The Democratic contest is every progressive's dream, a chance to cast a vote to elect a president and to associate with an historical moment in the obliteration of racial or gender barriers. The only pall on the moment is, of course, that it cannot be both at once. If Hillary wins, Obama loses and vice versa. To any who have been following the roller-coaster drama of the Democratic nomination so far, it is extremely clear that neither Hillary nor Obama have the slightest inclination to defer to the other on the question of which would be better in 2008 - for a black man, or for a woman, to be the first of their group in the office of the President of the United States.

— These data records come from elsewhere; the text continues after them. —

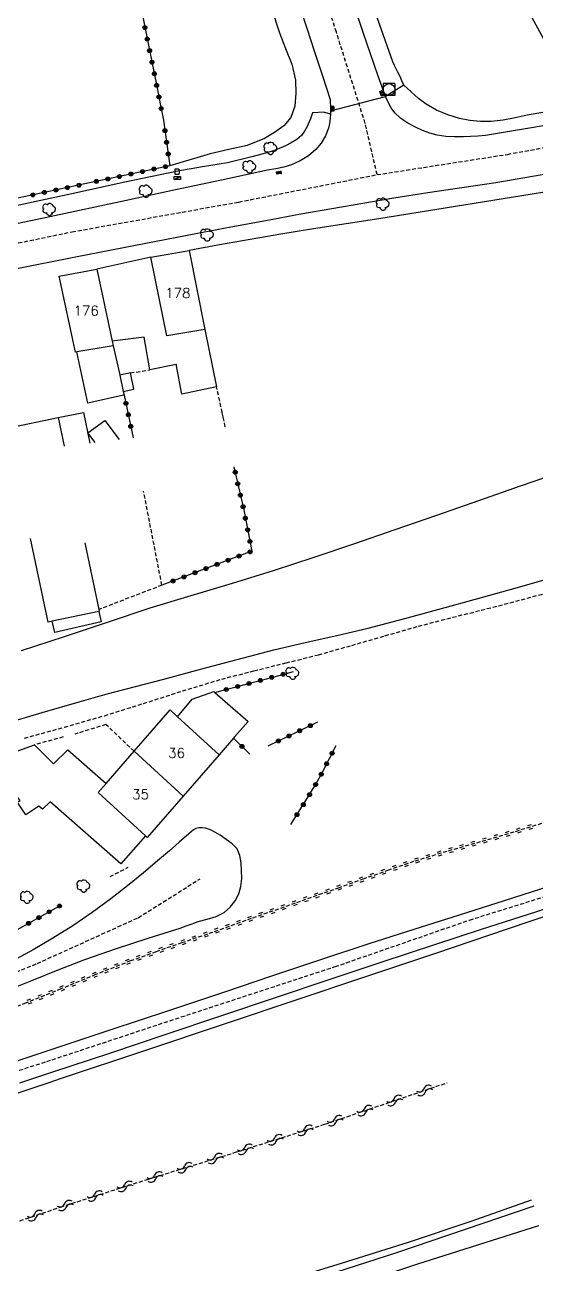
# Model space of a CAD drawing. Header units: millimetres. Extents: x 132999 to 134001, y 129000 to 130000.
# Drawn here: x 133211.4 to 133276.5, y 129652.9 to 129810.6 of the extents above; entities that cross this region are included whole.
import ezdxf
from ezdxf.enums import TextEntityAlignment as Align

# ---------------------------------------------------------------- set-up
doc = ezdxf.new("R2010")
doc.units = ezdxf.units.MM
doc.linetypes.add('DASHED', pattern=[0.75, 0.5, -0.25])
doc.layers.get('0').update_dxf_attribs({"linetype": 'CONTINUOUS'})
for name, color, linetype in [('W0001', 6, 'DASHED'), ('W0004', 5, 'CONTINUOUS'), ('W0008', 7, 'CONTINUOUS'), ('W0014', 7, 'CONTINUOUS'), ('W0070', 7, 'DASHED'), ('W0071', 7, 'CONTINUOUS'), ('W0101', 7, 'CONTINUOUS'), ('W0104', 1, 'CONTINUOUS'), ('W0105', 7, 'CONTINUOUS'), ('W0112', 1, 'DASHED'), ('W0120', 7, 'CONTINUOUS'), ('W0211', 2, 'CONTINUOUS'), ('W0214', 2, 'CONTINUOUS'), ('W0220', 5, 'DASHED'), ('W0300', 7, 'CONTINUOUS'), ('W0323', 7, 'CONTINUOUS'), ('W0333', 7, 'CONTINUOUS'), ('W0401', 7, 'CONTINUOUS'), ('W0420', 7, 'CONTINUOUS'), ('W0438', 7, 'CONTINUOUS'), ('W0500', 5, 'DASHED'), ('W0510', 5, 'CONTINUOUS'), ('W0991', 7, 'CONTINUOUS'), ('W1102', 7, 'CONTINUOUS')]:
    doc.layers.add(name, color=color, linetype=linetype)
doc.styles.get("Standard").update_dxf_attribs({"font": 'romans.shx', "width": 0.85})

# ---------------------------------------------------------------- blocks, each defined once
blk = doc.blocks.new('T401')
for p, q in [((-0.3, 0.3), (0, 0.3)), ((-0.3, -0.25), (-0.3, 0.3)), ((-0.3, 0.15), (0, 0.15)), ((-0.3, 0), (0, 0)), ((0, 0.3), (0, -0.25)), ((-0.3, -0.15), (0, -0.15)), ((-0.3, -0.25), (-0.3, -0.3)), ((-0.3, -0.3), (0, -0.3)), ((0, -0.3), (0, -0.25))]:
    blk.add_line(p, q)
blk = doc.blocks.new('T420')
for p, q in [((0.75, 0.75), (-0.75, 0.75)), ((-0.75, 0.75), (-0.75, -0.75)), ((0.75, 0.75), (0.75, -0.75)), ((0.75, -0.75), (-0.75, -0.75))]:
    blk.add_line(p, q)
blk.add_ellipse((0, 0), major_axis=(-0.53, 0.53), ratio=1, start_param=3.926991, end_param=10.210176)
blk = doc.blocks.new('T300')
for p, q in [((-0.8, 0.51), (-0.86, 0.34)), ((-0.86, 0.34), (-0.86, 0.17)), ((-0.86, 0.17), (-0.74, 0.06)), ((-0.69, 0.63), (-0.8, 0.51)), ((-0.8, -0.06), (-0.74, 0.06)), ((-0.74, 0.06), (-0.69, 0.11)), ((-0.57, 0.69), (-0.69, 0.63)), ((-0.46, 0.69), (-0.57, 0.69)), ((-0.29, 0.63), (-0.46, 0.69)), ((-0.29, 0.63), (-0.17, 0.74)), ((-0.23, 0.57), (-0.29, 0.63)), ((-0.17, 0.74), (-0.06, 0.8)), ((-0.06, 0.8), (0.06, 0.8)), ((0.06, 0.8), (0.23, 0.74)), ((0.23, 0.74), (0.34, 0.63)), ((0.34, 0.63), (0.4, 0.51)), ((0.46, 0.46), (0.34, 0.46)), ((0.4, 0.51), (0.4, 0.46)), ((0.57, 0.4), (0.46, 0.46)), ((0.57, 0.4), (0.69, 0.29)), ((0.69, 0.29), (0.74, 0.17)), ((0.74, 0.06), (0.69, -0.17)), ((0.74, 0.17), (0.74, 0.06)), ((-0.8, -0.17), (-0.8, -0.06)), ((-0.8, -0.23), (-0.8, -0.17)), ((-0.74, -0.34), (-0.8, -0.23)), ((-0.69, -0.4), (-0.74, -0.34)), ((-0.51, -0.46), (-0.69, -0.4)), ((-0.4, -0.46), (-0.51, -0.46)), ((-0.4, -0.46), (-0.34, -0.46)), ((-0.34, -0.46), (-0.34, -0.4)), ((-0.34, -0.51), (-0.34, -0.46)), ((-0.29, -0.63), (-0.34, -0.51)), ((-0.17, -0.74), (-0.29, -0.63)), ((-0.06, -0.8), (-0.17, -0.74)), ((0.06, -0.8), (-0.06, -0.8)), ((0.17, -0.74), (0.06, -0.8)), ((0.23, -0.69), (0.17, -0.74)), ((0.29, -0.46), (0.23, -0.46)), ((0.29, -0.63), (0.23, -0.69)), ((0.46, -0.4), (0.29, -0.46)), ((0.34, -0.51), (0.29, -0.63)), ((0.34, -0.51), (0.34, -0.46)), ((0.57, -0.34), (0.46, -0.4)), ((0.63, -0.29), (0.57, -0.34)), ((0.69, -0.17), (0.63, -0.29))]:
    blk.add_line(p, q)
blk = doc.blocks.new('T438')
for p, q in [((-0.4, 0.2), (0.4, 0.2)), ((-0.4, -0.2), (-0.4, 0.2)), ((0.15, 1.1), (-0.3, 1.1)), ((-0.3, 1.1), (-0.3, 0.5)), ((-0.3, 0.5), (0.15, 0.5)), ((0.3, 0.65), (0.3, 0.95)), ((0.4, 0.2), (0.4, -0.2))]:
    blk.add_line(p, q)
at = {"flags": 128}
for points in [[(-0.4, -0.2), (0.4, 0.2)], [(0.4, -0.2), (-0.4, -0.2)]]:
    blk.add_lwpolyline(points, dxfattribs=at)
for centre, major_axis, start_param, end_param in [((0.15, 0.95), (0.106, -0.106), 0.785398, 2.356194), ((0.15, 0.65), (0.106, 0.106), 3.926991, 5.497787)]:
    blk.add_ellipse(centre, major_axis=major_axis, ratio=1, start_param=start_param, end_param=end_param)
blk = doc.blocks.new('t323o')
at = {"color": 0, "linetype": 'Continuous'}
for radius in [0.25, 0.15]:
    blk.add_circle((0, 0), radius, dxfattribs=at)
blk = doc.blocks.new('t220o')
at = {"color": 0, "linetype": 'Continuous'}
for p, q in [((-0.25, 0.25), (0.25, 0.25)), ((-0.25, -0.25), (0.25, -0.25))]:
    blk.add_line(p, q, dxfattribs=at)
blk = doc.blocks.new('t500o')
at = {"color": 0, "linetype": 'Continuous'}
for centre, start, end in [((-0.5, 0.625), 216.8699, 323.1301), ((0.5, -0.125), 36.8699, 143.1301), ((0.5, -0.625), 36.8699, 143.1301), ((-0.5, 0.125), 216.8699, 323.1301)]:
    blk.add_arc(centre, 0.625, start, end, dxfattribs=at)

msp = doc.modelspace()

# ---------------------------------------------------------------- linework, layer by layer
at = {"layer": 'W0001'}
for points in [[(133256.24, 129791.49), (133272.83, 129794.07), (133284.31, 129796.19), (133310.07, 129799.87), (133313.41, 129800.76), (133322.06, 129803.75), (133330.38, 129809.44), (133335.85, 129817.14), (133340.78, 129828.73), (133346.07, 129842.71), (133352.98, 129859.54), (133358.8, 129874.9), (133363.1, 129886.15)], [(133205.71, 129676), (133214.2, 129678.69), (133231.33, 129684.36), (133250.91, 129690.76), (133268.02, 129696.69), (133285.56, 129702.16), (133303.04, 129707.55), (133317.51, 129712.91), (133326.42, 129716.74), (133329.94, 129718.54), (133350.24, 129731.13), (133357.91, 129738.38), (133367.77, 129748.49), (133376.54, 129759.37), (133384.07, 129770.51), (133389.88, 129782.48), (133394.28, 129795), (133397.36, 129806.87), (133400.63, 129820.4), (133404.55, 129838.25), (133408.21, 129855.36), (133412.96, 129875.03)], [(133256.24, 129791.49), (133254.73, 129798.01), (133251.06, 129809.61), (133246.19, 129824.71), (133241.27, 129840.18), (133236.88, 129852.87), (133232.92, 129861.94)], [(133111.27, 129762.31), (133135.99, 129767.74), (133154.92, 129771), (133176.26, 129775.49), (133196.64, 129779.9), (133217.43, 129784.22), (133238.64, 129788.01), (133256.24, 129791.49)], [(133170.56, 129676), (133184.1, 129680.95), (133199.2, 129685.55), (133213, 129691.16), (133225.83, 129696.98), (133233.72, 129701.93)]]:
    msp.add_lwpolyline(points, dxfattribs=at)
at = {"layer": 'W0004'}
msp.add_lwpolyline([(133259.66, 129802.88), (133259.41, 129803.43), (133259.16, 129803.97), (133258.9, 129804.51), (133258.69, 129804.95), (133258.46, 129805.39), (133258.24, 129805.83)], dxfattribs=at)
at = {"layer": 'W0008'}
for points in [[(133233.91, 129850.04), (133235.06, 129846.76), (133236.21, 129843.48), (133237.35, 129840.19), (133238.91, 129835.46), (133240.44, 129830.71), (133241.98, 129825.96), (133243.74, 129820.68), (133245.53, 129815.42), (133247.3, 129810.14), (133248.29, 129807.11), (133249.28, 129804.07), (133250.27, 129801.04)], [(133257.3, 129801.43), (133256.35, 129804.14), (133255.41, 129806.85), (133254.48, 129809.57), (133253.05, 129813.99)], [(133250.27, 129801.04), (133250.31, 129799.88), (133250.32, 129799.62), (133250.33, 129799.23)], [(133329.05, 129719.59), (133326.6, 129718.45), (133324.15, 129717.31), (133321.69, 129716.2), (133317.08, 129714.3), (133312.42, 129712.52), (133307.74, 129710.8), (133301.81, 129708.72), (133295.86, 129706.73), (133289.89, 129704.77), (133284.07, 129702.86), (133278.24, 129700.99), (133272.4, 129699.12), (133266.67, 129697.31), (133260.92, 129695.5), (133255.19, 129693.67), (133249.06, 129691.64), (133242.95, 129689.57), (133236.83, 129687.52), (133229.59, 129685.11), (133222.35, 129682.71), (133215.11, 129680.32), (133208.48, 129678.11), (133202.12, 129676)], [(133210.8, 129676), (133214.84, 129677.32), (133222.22, 129679.76), (133229.29, 129682.13), (133236.36, 129684.51), (133243.43, 129686.88), (133250.15, 129689.12), (133256.88, 129691.36), (133263.6, 129693.58), (133269.55, 129695.51), (133275.51, 129697.43), (133281.46, 129699.35), (133287.95, 129701.42), (133294.43, 129703.49), (133300.88, 129705.63), (133305.98, 129707.42), (133311.06, 129709.27), (133316.14, 129711.11), (133318.46, 129712.02), (133320.77, 129712.94), (133323.08, 129713.87), (133325.58, 129714.92), (133328.08, 129715.98), (133330.57, 129717.05)], [(133208.92, 129687.64), (133212.3, 129688.99), (133215.67, 129690.36), (133219.07, 129691.67), (133223.08, 129693.06), (133227.13, 129694.36), (133231.18, 129695.67), (133231.94, 129695.94), (133232.71, 129696.21), (133233.47, 129696.48), (133234.62, 129696.8), (133235.77, 129697.13), (133236.79, 129697.64), (133237.53, 129698.31), (133238.17, 129699.12), (133238.64, 129700), (133238.91, 129700.96), (133239.02, 129701.98), (133239.01, 129703), (133238.94, 129703.96), (133238.77, 129704.91), (133238.42, 129705.75), (133237.82, 129706.39), (133237.05, 129706.93), (133236.27, 129707.47), (133235.67, 129707.82), (133235.06, 129708.16), (133234.42, 129708.37), (133234.01, 129708.41), (133233.58, 129708.41), (133233.18, 129708.33), (133232.87, 129708.15), (133232.58, 129707.91), (133232.29, 129707.67)], [(133232.29, 129707.67), (133231.05, 129706.58), (133229.81, 129705.5), (133228.57, 129704.43), (133226.54, 129702.71), (133224.48, 129701.03), (133222.38, 129699.4), (133219.97, 129697.65), (133217.51, 129695.97), (133215, 129694.38), (133212.47, 129692.9), (133209.89, 129691.5)]]:
    msp.add_lwpolyline(points, dxfattribs=at)
at = {"layer": 'W0014'}
for points in [[(133282.08, 129800.29), (133279.83, 129799.87), (133277.58, 129799.45), (133275.34, 129799.04), (133273.81, 129798.73), (133272.28, 129798.43), (133270.74, 129798.26), (133269.4, 129798.27), (133268.05, 129798.39), (133266.74, 129798.63), (133265.26, 129799.08), (133263.82, 129799.69), (133262.48, 129800.45), (133261.5, 129801.19), (133260.58, 129802.04), (133259.66, 129802.88), (133257.3, 129801.43)], [(133282.99, 129798.62), (133270.02, 129796.48), (133269.08, 129796.4), (133268.15, 129796.33), (133267.22, 129796.29), (133266.1, 129796.29), (133264.99, 129796.34), (133263.89, 129796.5), (133262.95, 129796.76), (133262.02, 129797.1), (133261.12, 129797.52), (133260.17, 129798.03), (133259.27, 129798.62), (133258.49, 129799.34), (133258.05, 129799.99), (133257.67, 129800.71), (133257.3, 129801.43)], [(133250.33, 129799.23), (133250.26, 129798.62), (133250.19, 129798.01), (133250.07, 129797.41), (133249.68, 129796.43), (133249.11, 129795.51), (133248.45, 129794.7), (133247.53, 129793.9), (133246.46, 129793.23), (133245.34, 129792.72), (133244.36, 129792.43), (133243.34, 129792.25), (133242.32, 129792.07), (133236.46, 129790.8), (133230.6, 129789.54), (133224.73, 129788.29), (133213.99, 129786.01), (133203.24, 129783.74), (133192.49, 129781.47), (133161.38, 129775.27)], [(133249.52, 129799.42), (133248.02, 129799.37), (133247.89, 129798.98), (133247.75, 129798.6), (133247.6, 129798.22), (133247.33, 129797.61), (133247.01, 129797.01), (133246.63, 129796.48), (133246.02, 129795.96), (133245.31, 129795.54), (133244.58, 129795.17), (133243.2, 129794.58), (133241.75, 129794.14), (133240.29, 129793.74), (133237.19, 129793.01), (133234.04, 129792.48), (133230.9, 129791.93), (133224.15, 129790.53), (133217.42, 129789.07), (133210.68, 129787.61), (133209.65, 129787.43)], [(133249.52, 129799.42), (133250.33, 129799.23)], [(133181.86, 129773.59), (133191.29, 129775.58), (133200.73, 129777.57), (133210.18, 129779.51), (133217.85, 129781.03), (133225.52, 129782.52), (133233.19, 129784.01), (133237.64, 129784.84), (133242.09, 129785.68), (133246.55, 129786.49), (133250.49, 129787.19), (133254.43, 129787.87), (133258.38, 129788.53), (133262.71, 129789.2), (133267.04, 129789.84), (133271.37, 129790.5), (133276.27, 129791.32), (133281.17, 129792.18), (133286.06, 129793.04)], [(133287.32, 129790.86), (133283.1, 129790.17), (133278.88, 129789.48), (133274.65, 129788.79), (133268.6, 129787.81), (133262.54, 129786.84), (133256.48, 129785.88), (133252.31, 129785.24), (133248.14, 129784.6), (133243.98, 129783.93), (133240.09, 129783.26), (133236.2, 129782.56), (133232.32, 129781.86)]]:
    msp.add_lwpolyline(points, dxfattribs=at)
at = {"layer": 'W0070'}
msp.add_lwpolyline([(133211.37, 129719.82), (133216.47, 129721.22), (133221.55, 129722.68), (133226.53, 129724.23), (133231.49, 129725.83), (133236.48, 129727.33), (133240.57, 129728.39), (133244.67, 129729.39), (133248.77, 129730.43), (133253.02, 129731.62), (133257.25, 129732.85), (133261.5, 129734.05), (133265.87, 129735.19), (133270.25, 129736.29), (133274.62, 129737.42), (133279.1, 129738.65)], dxfattribs=at)
at = {"layer": 'W0071'}
for points in [[(133276.17, 129660.28), (133276.17, 129660.28), (133258.71, 129654.37), (133258.71, 129654.37), (133251.09, 129651.89), (133245.27, 129649.92), (133239.45, 129647.92), (133233.64, 129645.93), (133226.16, 129643.38), (133218.67, 129640.84), (133211.19, 129638.29), (133199.31, 129634.26), (133187.43, 129630.23), (133175.52, 129626.29), (133169.98, 129624.52), (133164.44, 129622.76), (133158.9, 129621.01), (133150.22, 129618.2), (133141.54, 129615.38), (133132.82, 129612.72), (133127.92, 129611.35), (133123, 129610.02), (133118.09, 129608.69)], [(133119.13, 129606.84), (133124.99, 129608.49), (133130.86, 129610.15), (133136.7, 129611.87), (133144.53, 129614.34), (133152.32, 129616.91), (133160.11, 129619.48), (133174.9, 129624.23), (133189.7, 129628.96), (133204.46, 129633.79), (133214.88, 129637.31), (133225.29, 129640.88), (133235.7, 129644.42), (133244.27, 129647.28), (133252.86, 129650.12), (133261.43, 129652.98), (133261.43, 129652.98), (133276.82, 129657.85), (133276.82, 129657.85)]]:
    msp.add_lwpolyline(points, dxfattribs=at)
at = {"layer": 'W0101'}
for points in [[(133232.32, 129781.86), (133234.33, 129771.8), (133229.47, 129771.01), (133227.47, 129781)], [(133227.47, 129781), (133232.32, 129781.86)], [(133220.58, 129779.49), (133222.55, 129770.3), (133222.67, 129769.73), (133218.02, 129768.95), (133217.86, 129768.92), (133215.79, 129778.58)], [(133215.79, 129778.58), (133220.58, 129779.49)], [(133225.32, 129718.16), (133229.9, 129723.41), (133230.86, 129722.53), (133236.14, 129717.71)], [(133231.56, 129712.46), (133226.98, 129707.2), (133226.77, 129707.4), (133220.74, 129712.9), (133221.76, 129714.07), (133225.32, 129718.16)], [(133236.14, 129717.71), (133231.56, 129712.46)]]:
    msp.add_lwpolyline(points, dxfattribs=at)
at = {"layer": 'W0104'}
for points in [[(133227.47, 129781), (133220.58, 129779.49)], [(133234.33, 129771.8), (133235.82, 129764.49), (133231.39, 129763.58), (133230.69, 129767.38), (133230.69, 129767.35), (133227.32, 129766.66), (133226.6, 129770.8), (133222.55, 129770.3)], [(133222.67, 129769.73), (133223.45, 129766.22), (133223.5, 129765.99), (133223.95, 129763.91), (133224.06, 129763.44), (133223.99, 129763.43), (133219.45, 129762.43), (133218.02, 129768.95)], [(133215.67, 129760.6), (133218.9, 129761.26), (133219.69, 129757.35)], [(133209.84, 129756.16), (133209.19, 129759.23), (133215.67, 129760.6)], [(133215.67, 129760.6), (133216.44, 129756.96)], [(133220.35, 129757.43), (133219.44, 129758.64), (133221.58, 129760.24)], [(133221.58, 129760.24), (133223.41, 129757.79)], [(133219.04, 129744.68), (133220.84, 129736.19), (133220.89, 129735.95), (133220.82, 129735.93), (133214.92, 129734.69), (133214.41, 129734.58), (133212.16, 129745.2)], [(133220.82, 129735.93), (133221.12, 129734.6), (133215.24, 129733.25), (133214.92, 129734.69)], [(133230.86, 129722.53), (133232.7, 129724.8), (133235.45, 129725.75), (133235.6, 129725.62), (133239.82, 129721.93), (133238.16, 129720.02), (133237.96, 129719.8), (133236.14, 129717.71)], [(133226.77, 129707.4), (133223.65, 129703.85), (133214.65, 129711.74), (133213.68, 129710.78), (133213.22, 129711.18), (133211.56, 129710.07), (133210.46, 129711.72), (133210.81, 129711.85), (133209.1, 129714.41), (133210.33, 129715.23), (133210.29, 129715.33), (133208.78, 129717.59), (133212.67, 129718.98), (133215.07, 129716.54), (133216.91, 129718.35), (133221.76, 129714.07)]]:
    msp.add_lwpolyline(points, dxfattribs=at)
at = {"layer": 'W0105'}
msp.add_lwpolyline([(133223.95, 129763.91), (133225.3, 129764.19), (133224.86, 129766.27), (133223.5, 129765.99)], dxfattribs=at)
at = {"layer": 'W0112'}
for points in [[(133224.86, 129766.27), (133227.32, 129766.66)], [(133236.92, 129759.42), (133236.67, 129760.68), (133236.66, 129760.7), (133236.54, 129761.23), (133235.82, 129764.49)], [(133228.86, 129739.27), (133226.53, 129751.25)], [(133228.86, 129739.27), (133220.84, 129736.19)], [(133225.33, 129718.17), (133221.73, 129721.55), (133217.78, 129720.33)], [(133216.31, 129719.97), (133212.67, 129718.98)], [(133222.27, 129702.21), (133224.59, 129703.42)]]:
    msp.add_lwpolyline(points, dxfattribs=at)
at = {"layer": 'W0120'}
msp.add_lwpolyline([(133347.41, 129688.9), (133342.64, 129696.88), (133331.21, 129715.99), (133330.57, 129717.05), (133329.05, 129719.59), (133313.6, 129745.41), (133310.95, 129749.99), (133303.96, 129762.08), (133300.8, 129767.55), (133287.32, 129790.86), (133286.06, 129793.04), (133285.49, 129794.02), (133284.31, 129796.19), (133282.99, 129798.62), (133282.08, 129800.29), (133274.03, 129815.06), (133272.23, 129818.36), (133289.2, 129838.28), (133304.01, 129810.02), (133325.99, 129771.46), (133355.93, 129721.4), (133371.13, 129696.23)], dxfattribs=at)
at = {"layer": 'W0211'}
msp.add_lwpolyline([(133242.82, 129812.64), (133243.81, 129809.53), (133244.61, 129807.53), (133245.41, 129805.53), (133245.85, 129803.5), (133245.92, 129801.86), (133245.78, 129800.21), (133245.27, 129798.76), (133244.37, 129797.72), (133243.18, 129796.84), (133241.93, 129796.09), (133239.73, 129795.21), (133237.36, 129794.68), (133234.99, 129794.14), (133233.29, 129793.64), (133231.58, 129793.13), (133229.88, 129792.63)], dxfattribs=at)
at = {"layer": 'W0214'}
msp.add_lwpolyline([(133258.24, 129805.83), (133257.27, 129808.59), (133256.3, 129811.35), (133255.35, 129814.11), (133254.06, 129817.9), (133252.8, 129821.71), (133251.54, 129825.51), (133250.64, 129828.2), (133249.75, 129830.9), (133248.89, 129833.6), (133248.01, 129836.65), (133247.17, 129839.72), (133246.34, 129842.79)], dxfattribs=at)
at = {"layer": 'W0220'}
msp.add_lwpolyline([(133280.75, 129710.08), (133273.64, 129707.86), (133269.38, 129706.62), (133265.12, 129705.41), (133260.89, 129704.12), (133257.71, 129703.04), (133254.56, 129701.92), (133251.4, 129700.79), (133245.82, 129698.83), (133240.24, 129696.87), (133234.66, 129694.9), (133231.4, 129693.78), (133228.13, 129692.66), (133224.88, 129691.49), (133220.43, 129689.75), (133216.01, 129687.92), (133211.57, 129686.14), (133206.33, 129684.14), (133201.05, 129682.2), (133195.76, 129680.33), (133190.57, 129678.62), (133185.35, 129676.99), (133182.23, 129676)], dxfattribs=at)
at = {"layer": 'W0323'}
for points in [[(133220.98, 129841.08), (133221.59, 129837.9), (133222.2, 129834.73), (133222.79, 129831.55), (133223.67, 129826.58), (133224.52, 129821.6), (133225.42, 129816.63), (133226.21, 129812.62), (133227.03, 129808.6), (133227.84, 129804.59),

Gender has collided with race, and neither is saying "Sorry, after you."

In the great scramble that followed Mr. Obama's surprising victory over Ms. Clinton in the Iowa caucuses, no less a figure than one of the founding mothers of feminism, Gloria Steinem, seared the op-ed page of The New York Times with the cry that "Gender is probably the most restricting force in American life, whether the question is who must be in the kitchen or who could be in the White House." In a curiously forgetful column titled Women Can Never be Front-Runners (curious because Ms. Clinton had been the front-runner from the moment of her announcement as a candidate until the Iowa caucuses) Ms. Steinem asserted that, in supporting Ms. Clinton, she was "not advocating a competition for who has it toughest," meaning women or blacks. She then proceeded, with energetic inconsistency, to advocate very precisely that women indeed had it tougher, that gender was the great sin of the republic, even going so far as to - in my view, tastelessly - point out "Black men were given the vote a half-century before women of any race were allowed to mark a ballot."

Ms. Clinton's campaign, once awake to the fact that Mr. Obama was real competition, sought to undermine him, sometimes subtly, sometimes not. Her surrogates have brought up Mr. Obama's self-declared cocaine use, others have speculated on what Republicans might do against someone with this background, and Ms. Clinton has ostentatiously pointed out that she is the only candidate for the nomination to have been "vetted" already.

All of these are signals that Mr. Obama is not ready, and carry, for some, the nasty implication that a black man therefore is not ready.

The candidate herself made a clumsy, implied, analogy of her and Mr. Obama as being, respectively, parallel with Lyndon Johnson and Martin Luther King. It was Ms. Clinton's contention that it was only Johnson's "actions" that fulfilled Mr. King's fine speeches. Not surprisingly, this struck several tender nerves on the other side and Obama forces returned fire.

From both campaigns is the unmistakable message that to vote for other than the group to which you "belong" - to step outside "your" gender or race - is disloyal, or a betrayal. That, surely, was Ms. Steinem's silly implication. Though I think, to be fair, it is the Clinton machine that has been more activist in streaming the divisive messages and, not surprisingly, more guileful in its packaging of them.

A useful consequence of all this might be the realization that gender and race, as such, are bankrupt modes of thinking and politics. And that all that need be said on both was said by a man whose name has been, with some tawdriness, invoked too often in this campaign: Martin Luther King.

His message was as clear and true in 1963 as it could be, and has equal force now as the day he gave it. It's time we judge people, only, on the "content of their character." Race and gender are exploded categories.